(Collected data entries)

————

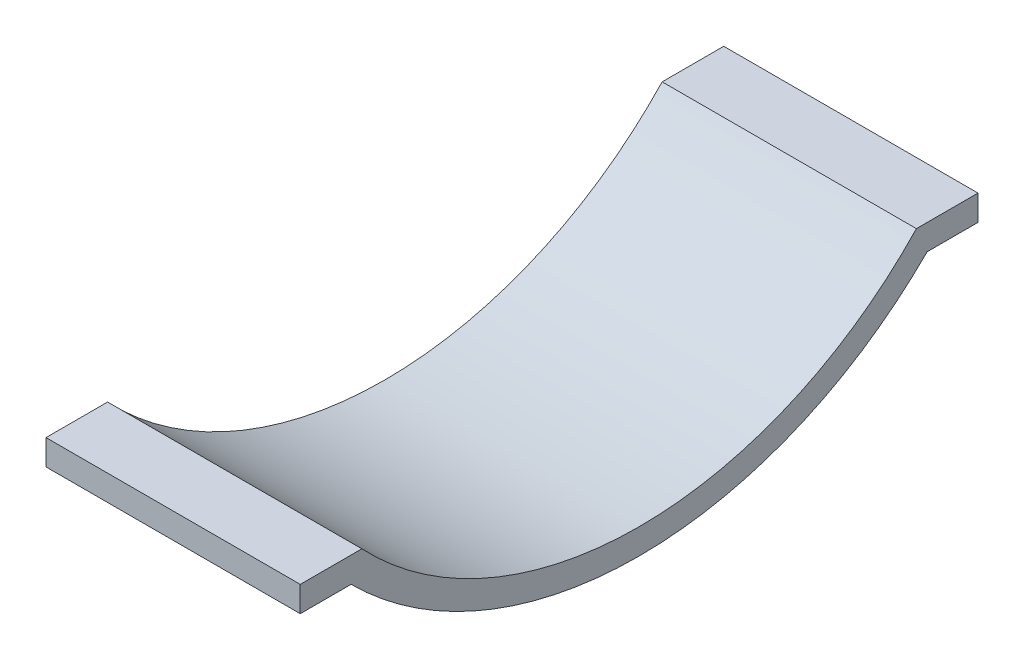
SolidWorks part; units mm, degrees
ref_plane "Plan de face" through (0, 0, 0) normal (0, 0, 1) x (1, 0, 0)
ref_plane "Plan de dessus" through (0, 0, 0) normal (0, 1, 0) x (1, 0, 0)
ref_plane "Plan de droite" through (0, 0, 0) normal (1, 0, 0) x (0, 0, -1)
sketch "Esquisse1" plane through (0, 0, 0) normal (1, 0, 0) x (0, 0, -1)
  line L2 (-89.8985, -36.4801) -> (-91.8985, -36.4801)
  line L3 (-91.8985, -36.4801) -> (-91.8985, -35.4801)
  line L4 (-91.8985, -35.4801) -> (-89.4756, -35.4801)
  line L5 (-67.2413, -36.4801) -> (-65.2413, -36.4801)
  line L6 (-65.2413, -36.4801) -> (-65.2413, -35.4801)
  line L7 (-65.2413, -35.4801) -> (-67.6642, -35.4801)
  arc A0 (-89.8985, -36.4801) -> (-67.2413, -36.4801) centre (-78.5699, -25.1812) ccw
  arc A1 (-89.4756, -35.4801) -> (-67.6642, -35.4801) centre (-78.5699, -25.1812) ccw
  dimension "D6" = 16
  dimension "D7" = 1
  dimension "D1" = 1
  dimension "D2" = 1
  dimension "D3" = 2
  dimension "D4" = 2
  dimension "D5" = 2.4229
extrude "Boss.-Extru.1" add sketch "Esquisse1" against normal blind 10
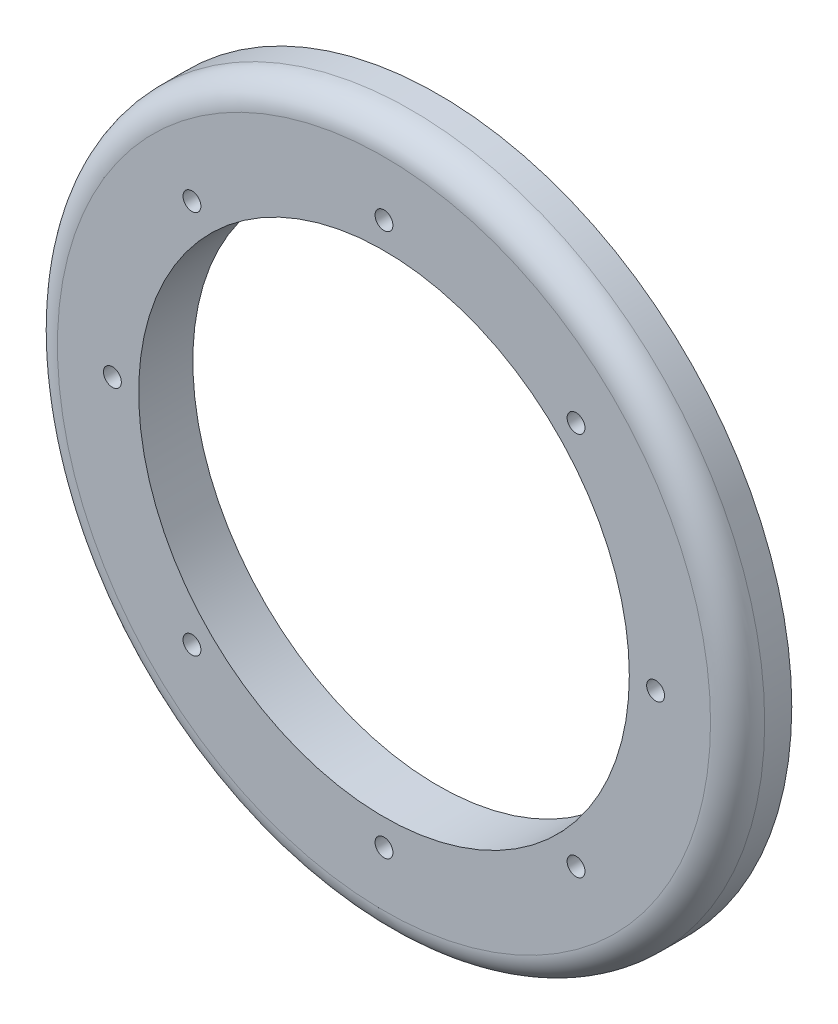
SolidWorks part; units mm, degrees
ref_plane "Front Plane" through (0, 0, 0) normal (0, 0, 1) x (1, 0, 0)
ref_plane "Top Plane" through (0, 0, 0) normal (0, 1, 0) x (1, 0, 0)
ref_plane "Right Plane" through (0, 0, 0) normal (1, 0, 0) x (0, 0, -1)
sketch "Sketch1" plane through (0, 0, 0) normal (0, 0, 1) x (1, 0, 0)
  circle A0 centre (0, 0) radius 45.3 construction
  circle A1 centre (0, 0) radius 45.3
  circle A2 centre (0, 0) radius 65.3
  circle A3 centre (35.4614, -35.4614) radius 1.65
  circle A7 centre (0, -50.15) radius 1.65
  circle A8 centre (-35.4614, -35.4614) radius 1.65
  circle A9 centre (-50.15, 0) radius 1.65
  circle A10 centre (-35.4614, 35.4614) radius 1.65
  circle A11 centre (0, 50.15) radius 1.65
  circle A12 centre (35.4614, 35.4614) radius 1.65
  circle A13 centre (50.15, 0) radius 1.65
  point P25 (0, 0)
  dimension "D2" = 3.3
  dimension "D1" = 20
  dimension "D3" = 8
extrude "Boss-Extrude1" add sketch "Sketch1" along normal blind 10
fillet "Fillet1" radius 5 1 edges at (65.3, 0, 10)
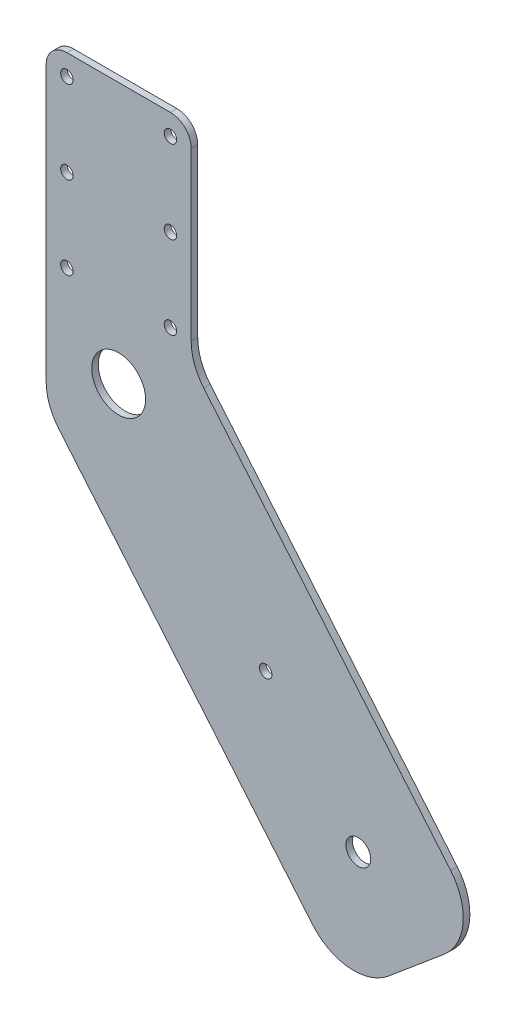
SolidWorks part; units mm, degrees
material "6061 Alloy"
ref_plane "Front Plane" through (0, 0, 0) normal (0, 0, 1) x (1, 0, 0)
ref_plane "Top Plane" through (0, 0, 0) normal (0, 1, 0) x (1, 0, 0)
ref_plane "Right Plane" through (0, 0, 0) normal (1, 0, 0) x (0, 0, -1)
sketch "Sketch1" plane through (0, 0, 0) normal (0, 0, 1) x (1, 0, 0)
  line L0 (0, 0) -> (0, 50)
  line L1 (0, 50) -> (35, 50)
  line L2 (35, 50) -> (35, 0)
  line L6 (0, 0) -> (35, 0) construction
  line L7 (5, 50) -> (5, 0) construction
  line L8 (0, 0) -> (5, 0) construction
  line L9 (5, 45) -> (5, 50) construction
  line L10 (17.5, 50) -> (17.5, -13) construction
  line L11 (0, 0) -> (0, -26)
  line L13 (0, 25) -> (5, 25) construction
  line L15 (17.5, -13) -> (17.5, 5) construction
  line L16 (17.5, 5) -> (30, 5) construction
  line L17 (17.5, -13) -> (75.3509, -81.944) construction
  line L18 (0, -26) -> (72.6686, -112.603)
  line L19 (72.6686, -112.603) -> (106.0099, -84.6263)
  line L20 (106.0099, -84.6263) -> (35, 0)
  line L21 (36.3343, -69.3015) -> (53.005, -55.3132) construction
  line L22 (53.005, -55.3132) -> (69.6756, -41.3248) construction
  line L23 (75.3509, -81.944) -> (89.3392, -98.6147) construction
  line L24 (17.5, -13) -> (17.5, -26) construction
  line L25 (17.5, -26) -> (0, -26) construction
  line L26 (17.5, -13) -> (35, -13) construction
  line L27 (35, -13) -> (35, 0) construction
  circle A0 centre (17.5, -13) radius 6.5
  circle A1 centre (5, 45) radius 1.5
  circle A2 centre (5, 25) radius 1.5
  circle A3 centre (5, 5) radius 1.5
  circle A4 centre (30, 5) radius 1.5
  circle A5 centre (30, 25) radius 1.5
  circle A6 centre (30, 45) radius 1.5
  circle A7 centre (75.3509, -81.944) radius 3
  circle A8 centre (53.005, -55.3132) radius 1.5
  dimension "D5" = 13
  dimension "D7" = 3
  dimension "D9" = 20
  dimension "D10" = 20
  dimension "D11" = 90
  dimension "D3" = 6
  dimension "D1" = 35
  dimension "D2" = 50
  dimension "D4" = 13
  dimension "D6" = 5
  dimension "D8" = 5
  dimension "D12" = 140
extrude "Boss-Extrude1" add sketch "Sketch1" along normal blind 1.5875
fillet "Fillet1" radius 5 2 edges at (0, 50, 0.7937) (35, 50, 0.7937)
fillet "Fillet2" radius 13 4 edges at (72.6686, -112.603, 0.7937) (106.0099, -84.6263, 0.7937) (35, 0, 0.7937) (0, -26, 0.7937)

————

-- Task details --
Pictures aside, print exactly the lines above starting with the one containing "circle A3 centre (35.4614, -35.4614)" and going on through the one containing "line L17 (17.5, -13)".

-- Answer for the task --
  circle A3 centre (35.4614, -35.4614) radius 1.65
  circle A7 centre (0, -50.15) radius 1.65
  circle A8 centre (-35.4614, -35.4614) radius 1.65
  circle A9 centre (-50.15, 0) radius 1.65
  circle A10 centre (-35.4614, 35.4614) radius 1.65
  circle A11 centre (0, 50.15) radius 1.65
  circle A12 centre (35.4614, 35.4614) radius 1.65
  circle A13 centre (50.15, 0) radius 1.65
  point P25 (0, 0)
  dimension "D2" = 3.3
  dimension "D1" = 20
  dimension "D3" = 8
extrude "Boss-Extrude1" add sketch "Sketch1" along normal blind 10
fillet "Fillet1" radius 5 1 edges at (65.3, 0, 10)
SolidWorks part; units mm, degrees
material "6061 Alloy"
ref_plane "Front Plane" through (0, 0, 0) normal (0, 0, 1) x (1, 0, 0)
ref_plane "Top Plane" through (0, 0, 0) normal (0, 1, 0) x (1, 0, 0)
ref_plane "Right Plane" through (0, 0, 0) normal (1, 0, 0) x (0, 0, -1)
sketch "Sketch1" plane through (0, 0, 0) normal (0, 0, 1) x (1, 0, 0)
  line L0 (0, 0) -> (0, 50)
  line L1 (0, 50) -> (35, 50)
  line L2 (35, 50) -> (35, 0)
  line L6 (0, 0) -> (35, 0) construction
  line L7 (5, 50) -> (5, 0) construction
  line L8 (0, 0) -> (5, 0) construction
  line L9 (5, 45) -> (5, 50) construction
  line L10 (17.5, 50) -> (17.5, -13) construction
  line L11 (0, 0) -> (0, -26)
  line L13 (0, 25) -> (5, 25) construction
  line L15 (17.5, -13) -> (17.5, 5) construction
  line L16 (17.5, 5) -> (30, 5) construction
  line L17 (17.5, -13) -> (75.3509, -81.944) construction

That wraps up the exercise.